The applicant claimed 15,000 euros (EUR) in respect of non-pecuniary damage. 117. The Government disputed the sum claimed as excessive. 118. The Court notes that it has found a violation of Article 6 § 1 of the Convention. It considers that the applicant must have suffered distress and anxiety which the finding of a violation of the Convention in this judgment does not suffice to remedy. Making its assessment on an equitable basis, the Court awards the applicant EUR 10,000 under this head. 119. The applicant also claimed EUR 2,063 for the costs and expenses incurred before the domestic courts and EUR 1,210 for those incurred before the Court. 120. The Government argued that the applicant’s claims as regards the legal costs incurred before the domestic courts could not be regarded as grounded and substantiated and should therefore be rejected.
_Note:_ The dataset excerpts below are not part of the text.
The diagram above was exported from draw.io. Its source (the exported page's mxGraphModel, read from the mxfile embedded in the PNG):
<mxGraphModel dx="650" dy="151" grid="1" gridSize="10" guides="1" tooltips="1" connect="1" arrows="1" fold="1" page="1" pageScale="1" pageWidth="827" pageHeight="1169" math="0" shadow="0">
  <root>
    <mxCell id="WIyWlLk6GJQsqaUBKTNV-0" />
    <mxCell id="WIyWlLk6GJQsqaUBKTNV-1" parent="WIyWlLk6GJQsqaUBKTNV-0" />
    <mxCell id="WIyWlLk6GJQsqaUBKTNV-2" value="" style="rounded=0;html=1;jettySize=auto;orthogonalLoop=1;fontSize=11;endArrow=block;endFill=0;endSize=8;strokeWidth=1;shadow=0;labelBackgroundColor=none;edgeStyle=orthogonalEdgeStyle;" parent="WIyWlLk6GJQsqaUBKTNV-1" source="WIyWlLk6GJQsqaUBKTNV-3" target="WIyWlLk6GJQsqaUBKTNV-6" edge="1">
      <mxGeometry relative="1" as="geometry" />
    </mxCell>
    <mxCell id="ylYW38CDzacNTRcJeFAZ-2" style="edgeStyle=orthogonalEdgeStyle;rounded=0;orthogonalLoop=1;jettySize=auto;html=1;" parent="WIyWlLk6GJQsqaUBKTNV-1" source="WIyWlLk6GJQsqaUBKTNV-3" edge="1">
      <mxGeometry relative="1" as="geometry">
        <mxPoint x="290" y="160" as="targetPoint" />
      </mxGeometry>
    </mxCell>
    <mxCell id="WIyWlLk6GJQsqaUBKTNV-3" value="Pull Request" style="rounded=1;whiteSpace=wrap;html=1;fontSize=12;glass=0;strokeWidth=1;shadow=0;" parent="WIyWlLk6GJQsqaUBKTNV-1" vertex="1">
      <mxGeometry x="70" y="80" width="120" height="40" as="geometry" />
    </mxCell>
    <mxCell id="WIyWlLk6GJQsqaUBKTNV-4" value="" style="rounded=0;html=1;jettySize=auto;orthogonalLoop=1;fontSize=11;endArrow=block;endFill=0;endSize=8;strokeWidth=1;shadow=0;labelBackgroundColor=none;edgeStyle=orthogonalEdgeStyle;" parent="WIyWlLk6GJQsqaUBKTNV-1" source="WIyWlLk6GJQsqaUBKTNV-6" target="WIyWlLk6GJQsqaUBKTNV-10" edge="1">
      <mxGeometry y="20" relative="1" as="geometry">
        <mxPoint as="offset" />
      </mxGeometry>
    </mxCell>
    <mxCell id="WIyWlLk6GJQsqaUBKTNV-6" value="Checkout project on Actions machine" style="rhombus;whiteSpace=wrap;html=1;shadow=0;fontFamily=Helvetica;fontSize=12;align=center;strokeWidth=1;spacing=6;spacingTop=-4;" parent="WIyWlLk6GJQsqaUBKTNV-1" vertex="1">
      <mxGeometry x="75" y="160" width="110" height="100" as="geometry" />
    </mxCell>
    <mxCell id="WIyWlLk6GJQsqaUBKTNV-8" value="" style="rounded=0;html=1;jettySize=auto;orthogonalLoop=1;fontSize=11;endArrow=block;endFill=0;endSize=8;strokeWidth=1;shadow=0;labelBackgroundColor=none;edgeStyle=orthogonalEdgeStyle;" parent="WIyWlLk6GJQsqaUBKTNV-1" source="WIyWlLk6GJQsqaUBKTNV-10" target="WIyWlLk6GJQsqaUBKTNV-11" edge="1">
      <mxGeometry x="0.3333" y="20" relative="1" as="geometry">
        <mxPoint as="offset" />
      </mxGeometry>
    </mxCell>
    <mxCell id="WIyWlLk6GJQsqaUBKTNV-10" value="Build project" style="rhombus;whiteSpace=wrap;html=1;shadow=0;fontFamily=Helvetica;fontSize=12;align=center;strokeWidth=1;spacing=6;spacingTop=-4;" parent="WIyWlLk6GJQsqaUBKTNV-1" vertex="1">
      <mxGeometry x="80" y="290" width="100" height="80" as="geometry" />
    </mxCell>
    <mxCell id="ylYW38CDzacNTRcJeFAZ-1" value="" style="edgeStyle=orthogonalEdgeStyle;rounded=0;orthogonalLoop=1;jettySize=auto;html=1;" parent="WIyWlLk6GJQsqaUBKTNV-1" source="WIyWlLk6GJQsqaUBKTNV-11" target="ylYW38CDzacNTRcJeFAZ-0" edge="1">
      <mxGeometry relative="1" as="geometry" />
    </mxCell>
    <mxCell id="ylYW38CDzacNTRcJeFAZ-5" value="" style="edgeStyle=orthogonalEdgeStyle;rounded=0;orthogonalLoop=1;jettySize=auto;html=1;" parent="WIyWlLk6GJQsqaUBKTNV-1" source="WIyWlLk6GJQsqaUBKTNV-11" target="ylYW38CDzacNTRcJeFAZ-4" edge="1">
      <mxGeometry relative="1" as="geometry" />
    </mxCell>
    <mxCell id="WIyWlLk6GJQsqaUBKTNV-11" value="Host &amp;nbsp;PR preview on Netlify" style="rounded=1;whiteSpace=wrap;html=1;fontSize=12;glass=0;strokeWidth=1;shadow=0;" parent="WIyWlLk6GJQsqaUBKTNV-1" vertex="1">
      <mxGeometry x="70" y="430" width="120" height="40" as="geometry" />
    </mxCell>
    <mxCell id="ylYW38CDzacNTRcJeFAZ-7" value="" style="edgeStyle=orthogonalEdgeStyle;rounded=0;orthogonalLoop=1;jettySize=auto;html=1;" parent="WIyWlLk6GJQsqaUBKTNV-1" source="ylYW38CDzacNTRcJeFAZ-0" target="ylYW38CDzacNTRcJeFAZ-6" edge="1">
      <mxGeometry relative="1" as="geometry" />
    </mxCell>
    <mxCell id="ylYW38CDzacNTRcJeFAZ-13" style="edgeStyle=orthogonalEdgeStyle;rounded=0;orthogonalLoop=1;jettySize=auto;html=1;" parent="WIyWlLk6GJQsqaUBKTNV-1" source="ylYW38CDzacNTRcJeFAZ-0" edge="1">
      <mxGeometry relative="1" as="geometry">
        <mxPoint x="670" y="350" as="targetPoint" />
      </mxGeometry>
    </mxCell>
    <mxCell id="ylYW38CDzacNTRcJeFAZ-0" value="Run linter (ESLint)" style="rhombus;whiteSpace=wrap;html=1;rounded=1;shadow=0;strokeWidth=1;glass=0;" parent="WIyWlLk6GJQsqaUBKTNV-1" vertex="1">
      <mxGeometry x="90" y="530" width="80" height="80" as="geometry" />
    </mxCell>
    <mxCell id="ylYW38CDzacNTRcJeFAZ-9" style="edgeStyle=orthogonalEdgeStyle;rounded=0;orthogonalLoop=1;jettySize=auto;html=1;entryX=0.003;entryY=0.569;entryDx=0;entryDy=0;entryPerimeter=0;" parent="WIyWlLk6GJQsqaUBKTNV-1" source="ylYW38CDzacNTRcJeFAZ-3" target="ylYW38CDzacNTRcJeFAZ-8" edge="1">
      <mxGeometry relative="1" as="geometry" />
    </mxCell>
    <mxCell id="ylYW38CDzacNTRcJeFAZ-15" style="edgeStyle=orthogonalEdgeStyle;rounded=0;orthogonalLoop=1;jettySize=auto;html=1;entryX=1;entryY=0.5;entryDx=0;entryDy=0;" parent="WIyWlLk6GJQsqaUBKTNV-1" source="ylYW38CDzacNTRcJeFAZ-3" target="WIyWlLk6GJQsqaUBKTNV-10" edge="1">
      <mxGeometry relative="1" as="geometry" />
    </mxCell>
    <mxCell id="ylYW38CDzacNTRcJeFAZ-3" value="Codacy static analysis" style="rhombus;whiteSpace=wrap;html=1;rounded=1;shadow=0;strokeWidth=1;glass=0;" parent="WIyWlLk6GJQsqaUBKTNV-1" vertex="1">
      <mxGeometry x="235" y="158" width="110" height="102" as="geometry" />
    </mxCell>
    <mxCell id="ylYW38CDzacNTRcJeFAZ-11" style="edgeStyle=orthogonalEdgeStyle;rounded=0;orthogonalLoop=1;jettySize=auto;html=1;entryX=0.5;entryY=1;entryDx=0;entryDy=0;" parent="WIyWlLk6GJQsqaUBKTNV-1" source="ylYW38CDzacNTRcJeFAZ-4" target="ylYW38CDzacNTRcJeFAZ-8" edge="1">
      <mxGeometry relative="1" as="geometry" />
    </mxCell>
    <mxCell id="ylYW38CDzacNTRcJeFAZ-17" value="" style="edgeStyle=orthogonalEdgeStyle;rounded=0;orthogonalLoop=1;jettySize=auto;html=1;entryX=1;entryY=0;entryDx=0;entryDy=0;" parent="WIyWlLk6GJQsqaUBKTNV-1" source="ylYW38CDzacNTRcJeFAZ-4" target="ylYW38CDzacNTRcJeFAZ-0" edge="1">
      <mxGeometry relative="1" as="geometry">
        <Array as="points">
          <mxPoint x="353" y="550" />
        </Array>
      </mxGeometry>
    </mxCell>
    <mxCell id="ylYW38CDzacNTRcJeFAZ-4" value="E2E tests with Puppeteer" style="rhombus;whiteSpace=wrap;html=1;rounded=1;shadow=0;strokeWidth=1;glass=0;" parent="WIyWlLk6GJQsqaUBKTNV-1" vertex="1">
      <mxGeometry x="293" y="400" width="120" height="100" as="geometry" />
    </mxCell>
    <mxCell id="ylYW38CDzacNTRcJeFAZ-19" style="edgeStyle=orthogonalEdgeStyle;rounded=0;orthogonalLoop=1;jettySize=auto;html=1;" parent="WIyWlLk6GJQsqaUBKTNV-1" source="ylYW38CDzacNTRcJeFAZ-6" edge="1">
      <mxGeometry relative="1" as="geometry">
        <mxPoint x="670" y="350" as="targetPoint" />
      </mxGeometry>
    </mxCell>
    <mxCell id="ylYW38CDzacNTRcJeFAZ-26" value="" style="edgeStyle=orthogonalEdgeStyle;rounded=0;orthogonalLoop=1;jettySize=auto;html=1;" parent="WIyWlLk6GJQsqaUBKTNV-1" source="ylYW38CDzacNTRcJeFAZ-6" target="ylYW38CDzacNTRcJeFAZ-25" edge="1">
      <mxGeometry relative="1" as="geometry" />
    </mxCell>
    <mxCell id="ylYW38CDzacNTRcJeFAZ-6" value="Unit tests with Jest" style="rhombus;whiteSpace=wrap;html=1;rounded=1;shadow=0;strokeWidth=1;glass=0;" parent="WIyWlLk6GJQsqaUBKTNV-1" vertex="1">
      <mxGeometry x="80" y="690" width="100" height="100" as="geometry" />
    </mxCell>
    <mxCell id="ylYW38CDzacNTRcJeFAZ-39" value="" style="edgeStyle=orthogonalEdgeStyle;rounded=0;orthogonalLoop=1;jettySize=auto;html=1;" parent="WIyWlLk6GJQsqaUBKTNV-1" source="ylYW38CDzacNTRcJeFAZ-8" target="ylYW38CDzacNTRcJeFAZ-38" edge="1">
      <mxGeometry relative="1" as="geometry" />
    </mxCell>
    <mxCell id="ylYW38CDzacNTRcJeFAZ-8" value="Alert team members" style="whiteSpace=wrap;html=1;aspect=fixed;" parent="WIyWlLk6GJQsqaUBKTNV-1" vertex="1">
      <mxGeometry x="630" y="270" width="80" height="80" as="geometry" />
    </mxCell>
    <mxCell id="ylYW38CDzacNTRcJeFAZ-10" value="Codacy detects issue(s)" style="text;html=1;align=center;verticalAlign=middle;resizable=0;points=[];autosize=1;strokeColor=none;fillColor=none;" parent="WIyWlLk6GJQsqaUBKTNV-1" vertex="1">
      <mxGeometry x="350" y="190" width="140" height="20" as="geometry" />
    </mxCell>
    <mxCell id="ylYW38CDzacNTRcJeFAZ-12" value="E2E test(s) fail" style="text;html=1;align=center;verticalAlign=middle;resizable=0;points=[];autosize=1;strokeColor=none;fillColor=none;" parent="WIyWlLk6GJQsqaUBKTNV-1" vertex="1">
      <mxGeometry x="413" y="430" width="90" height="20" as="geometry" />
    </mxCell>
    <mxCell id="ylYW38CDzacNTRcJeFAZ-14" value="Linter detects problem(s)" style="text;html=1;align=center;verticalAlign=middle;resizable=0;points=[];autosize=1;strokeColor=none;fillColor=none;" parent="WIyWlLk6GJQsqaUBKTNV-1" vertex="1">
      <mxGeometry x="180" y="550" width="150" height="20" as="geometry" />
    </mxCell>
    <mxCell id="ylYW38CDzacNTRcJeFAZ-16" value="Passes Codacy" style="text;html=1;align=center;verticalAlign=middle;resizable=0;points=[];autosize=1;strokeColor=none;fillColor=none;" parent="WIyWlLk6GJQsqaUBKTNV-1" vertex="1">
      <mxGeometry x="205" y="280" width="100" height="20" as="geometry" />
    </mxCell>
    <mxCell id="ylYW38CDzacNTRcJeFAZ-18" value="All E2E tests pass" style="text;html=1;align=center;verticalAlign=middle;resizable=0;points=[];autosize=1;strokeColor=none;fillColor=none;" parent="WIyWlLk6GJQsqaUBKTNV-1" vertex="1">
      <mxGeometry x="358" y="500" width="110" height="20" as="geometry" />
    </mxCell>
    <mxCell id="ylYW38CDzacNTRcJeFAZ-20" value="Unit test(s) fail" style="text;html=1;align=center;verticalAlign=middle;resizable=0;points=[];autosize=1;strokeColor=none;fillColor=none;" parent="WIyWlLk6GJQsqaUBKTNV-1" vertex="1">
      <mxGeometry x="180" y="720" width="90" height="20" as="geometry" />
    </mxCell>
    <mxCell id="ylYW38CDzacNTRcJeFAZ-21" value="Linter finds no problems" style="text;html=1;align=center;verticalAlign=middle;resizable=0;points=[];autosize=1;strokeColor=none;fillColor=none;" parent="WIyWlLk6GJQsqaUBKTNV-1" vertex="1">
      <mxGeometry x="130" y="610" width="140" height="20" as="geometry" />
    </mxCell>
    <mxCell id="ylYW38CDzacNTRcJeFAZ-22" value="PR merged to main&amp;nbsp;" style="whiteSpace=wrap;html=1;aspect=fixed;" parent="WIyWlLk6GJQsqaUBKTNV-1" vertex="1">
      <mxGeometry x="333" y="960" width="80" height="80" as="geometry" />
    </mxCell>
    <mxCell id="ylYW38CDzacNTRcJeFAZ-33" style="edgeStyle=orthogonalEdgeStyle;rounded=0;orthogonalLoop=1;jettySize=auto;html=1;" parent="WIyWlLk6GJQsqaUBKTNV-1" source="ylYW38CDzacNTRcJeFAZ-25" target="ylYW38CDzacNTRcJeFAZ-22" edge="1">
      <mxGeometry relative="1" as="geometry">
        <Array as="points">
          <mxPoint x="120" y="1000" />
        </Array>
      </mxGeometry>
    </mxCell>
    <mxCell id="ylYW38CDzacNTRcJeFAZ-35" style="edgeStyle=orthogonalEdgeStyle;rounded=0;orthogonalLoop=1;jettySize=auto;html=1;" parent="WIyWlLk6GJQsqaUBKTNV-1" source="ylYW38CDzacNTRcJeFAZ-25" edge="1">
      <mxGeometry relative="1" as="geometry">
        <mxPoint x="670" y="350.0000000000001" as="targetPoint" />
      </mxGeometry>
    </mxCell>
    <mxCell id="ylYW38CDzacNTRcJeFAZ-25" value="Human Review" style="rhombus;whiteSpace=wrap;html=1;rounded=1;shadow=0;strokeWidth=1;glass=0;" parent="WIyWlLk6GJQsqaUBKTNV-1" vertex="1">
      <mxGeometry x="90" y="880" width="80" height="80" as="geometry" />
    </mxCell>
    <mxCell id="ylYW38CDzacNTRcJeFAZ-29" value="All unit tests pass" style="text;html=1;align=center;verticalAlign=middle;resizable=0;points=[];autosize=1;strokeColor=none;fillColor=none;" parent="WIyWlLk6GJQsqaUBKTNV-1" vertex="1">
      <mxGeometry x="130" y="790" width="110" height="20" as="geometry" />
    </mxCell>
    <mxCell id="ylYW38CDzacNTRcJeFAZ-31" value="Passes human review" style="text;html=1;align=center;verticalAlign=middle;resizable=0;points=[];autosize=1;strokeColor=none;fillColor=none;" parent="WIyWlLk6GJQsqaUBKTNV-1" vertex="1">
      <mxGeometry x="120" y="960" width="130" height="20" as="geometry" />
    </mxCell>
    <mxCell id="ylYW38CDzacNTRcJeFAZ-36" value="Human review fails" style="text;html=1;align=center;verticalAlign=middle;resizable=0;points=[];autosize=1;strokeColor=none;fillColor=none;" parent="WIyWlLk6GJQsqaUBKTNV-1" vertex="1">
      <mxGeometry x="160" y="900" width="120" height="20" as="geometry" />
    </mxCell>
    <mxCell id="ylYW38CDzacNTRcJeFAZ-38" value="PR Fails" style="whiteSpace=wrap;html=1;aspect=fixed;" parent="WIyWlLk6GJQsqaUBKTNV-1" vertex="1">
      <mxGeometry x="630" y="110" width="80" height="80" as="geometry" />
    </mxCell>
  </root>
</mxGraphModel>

However, they considered that the legal costs incurred before the Court in the amount of EUR 1,210 had been reasonable and properly substantiated. 121. According to the Court’s case-law, an applicant is entitled to the reimbursement of costs and expenses only in so far as it has been shown that these were actually and necessarily incurred and are reasonable as to quantum. In the present case, regard being had to the documents in its possession and the above criteria, the Court considers it reasonable to award the sum of EUR 2,086 covering costs under all heads, plus any tax that may be chargeable to the applicant. 122. The Court considers it appropriate that the default interest rate should be based on the marginal lending rate of the European Central Bank, to which should be added three percentage points. FOR THESE REASONS, THE COURT
(a) that the respondent State is to pay the applicant, within three months from the date on which the judgment becomes final in accordance with Article 44 § 2 of the Convention, the following amounts:
(i) EUR 10,000 (ten thousand euros), plus any tax that may be chargeable, in respect of non-pecuniary damage;
(ii) EUR 2,086 (two thousand and eighty-six euros), plus any tax that may be chargeable to the applicant, in respect of costs and expenses;
(b) that from the expiry of the above-mentioned three months until settlement simple interest shall be payable on the above amounts at a rate equal to the marginal lending rate of the European Central Bank during the default period plus three percentage points;
Done in English, and notified in writing on 14 December 2021, pursuant to Rule 77 §§ 2 and 3 of the Rules of Court.
{signature_p_2}
Stanley Naismith Jon Fridrik Kjølbro Registrar President

In accordance with Article 45 § 2 of the Convention and Rule 74 § 2 of the Rules of Court, the following separate opinions are annexed to this judgment:
(a) concurring opinion of Judge Kūris;
(b) partly dissenting opinion of Judges Kjølbro and Koskelo.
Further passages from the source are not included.